The sunglassed man did not look to the bones and seemed not at all perturbed by them and instead flipped open the book and scribbled a couple lines down with a curious pen that looked to have been cast of bone itself. Without forewarning, a woman’s voice sounded from somewhere nearby as rain began to pelt the boarded and broken windows.

“I didn’t know we were having company.”

“Neither did I,” Ryter replied with a broad smile. Harmon turned and beheld a young woman hunched upon one of the old sorting tables; he had missed her upon entering. Her hair was short and cropped at the sides and the left side of her face was covered over with hideous scars that ran the length of her neck and vanished beneath a pale, green parka.

“Don’t be rude. Introduce yourself.”

The woman sighed like a petulant child and then rose and stepped forth from the darkened corner of the room and moved to stand before Harmon.

“Freya Lauren.”

She held out a wool-gloved hand from the ends of which more scars fled up her arm like the aftertracks of some massive species of worm. He took her hand and shook it, “Harmon. Nice to meet you folk. I had seen long ago that some people had set up tents around the breaker but I had never given any thought to people living in it – had always heard it was dangerous.”

“Upper floors are. Wouldn’t recommend you go up there alone.” The woman stated flatly. Harmon got the distinct impression she didn’t care for company.

“I’ll keep that in mind. So, what brought you two here?”

“Just needed in from the rain. Going to have some tea, you want some?”

“Sure.”

The woman turned round and moved to a small portable electric heater which had been set up on the right-middle-most anthracite sorting table. The table was iron and was the thus imperious to the heat and on top of the heater sat a small metal thermos and beside it lay two tin cups and into the cups she poured an aromatic brew.

“Must be nice.”

“What?”

Harmon gestured out to the criss-crossing iron bars of the rafters, “Living here. No taxes.”

The woman nodded.

“Yeah. Sometimes the police come round to chase out those who’d set up tents in the yard; that’s why we don’t keep much on this floor, someone walking by the windows might see us and then its up on trespassing charges. Course, that’s unlikely to happen, police round here are sparse and don’t make much of an effort. Its a long drive from the station all the way down here and a long walk from the power station to the breaker to the conveyor and dumphouse.”

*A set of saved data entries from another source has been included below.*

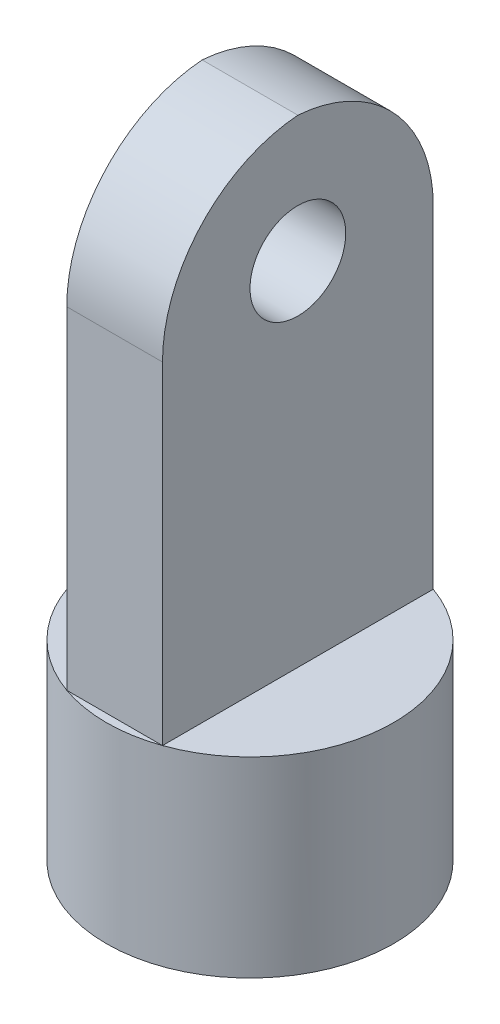
from build123d import *

# Parameters (mm, degrees)
SKETCH1_R           = 7.5
BOSS_EXTRUDE1_DEPTH = 10
SKETCH2_R           = 6.25
CUT_EXTRUDE2_DEPTH  = 7.5
SKETCH3_W           = 5
SKETCH3_H           = 14.142135624
BOSS_EXTRUDE2_DEPTH = 25
SKETCH4_R           = 2.5
CUT_EXTRUDE3_DEPTH  = 5
FILLET1_R           = 7.65


with BuildPart() as part:
    # Sketch1 → Boss-Extrude1 (new body)
    with BuildSketch(Plane(origin=(0, 0, 0), x_dir=(1, 0, 0), z_dir=(0, 1, 0))):
        with Locations(Location((0, 0, 0), (0, 0, 270))):
            Circle(SKETCH1_R)
    extrude(amount=BOSS_EXTRUDE1_DEPTH)

    # Sketch2 → Cut-Extrude2 (cut)
    with BuildSketch(Plane.XZ):
        with Locations(Location((0, 0, 0), (0, 0, 270))):
            Circle(SKETCH2_R)
    extrude(amount=-CUT_EXTRUDE2_DEPTH, mode=Mode.SUBTRACT)

    # Sketch3 → Boss-Extrude2 (add)
    with BuildSketch(Plane(origin=(0, 10, 0), x_dir=(1, 0, 0), z_dir=(0, 1, 0))):
        Rectangle(SKETCH3_W, SKETCH3_H)
    extrude(amount=BOSS_EXTRUDE2_DEPTH)

    # Sketch4 → Cut-Extrude3 (cut)
    with BuildSketch(Plane(origin=(2.5, 0, 0), x_dir=(0, 0, -1), z_dir=(1, 0, 0))):
        with Locations((0, 28.391835492)):
            Circle(SKETCH4_R)
    extrude(amount=-CUT_EXTRUDE3_DEPTH, mode=Mode.SUBTRACT)

    # Fillet1
    # the kernel refuses this fillet: 7.65 mm, written as the material it takes off along each edge
    with BuildSketch(Plane(origin=(21.625, 35, -7.071067812), x_dir=(0, -1, 0), z_dir=(-1, 0, 0)), Plane(origin=(-21.625, 35, 7.071067812), x_dir=(0, -1, 0), z_dir=(1, 0, 0))) as fillet1_piece_1:
        with BuildLine():
            CenterArc((FILLET1_R, FILLET1_R), FILLET1_R, 180, 90)
            Line((0, FILLET1_R), (0, 0))
            Line((0, 0), (FILLET1_R, 0))
        make_face()
    extrude(amount=43.25, mode=Mode.SUBTRACT)


solid = part.part

Far behind them Ryter had finished writing in his book and set it upon one of the processing tables and then returned to the circle of bones and began rolling them up into the tarp on which they sat and then deposited them into a old, wooden chest in the far left corner of the room. Then the man ambled back with a tin cup which Freya dutifully poured for him. The trio drank in placid silence and shortly thereafter the rain subsided and Harmon thanked the itinerant duo for their hospitality and said he must be getting back before dark and then left off for home.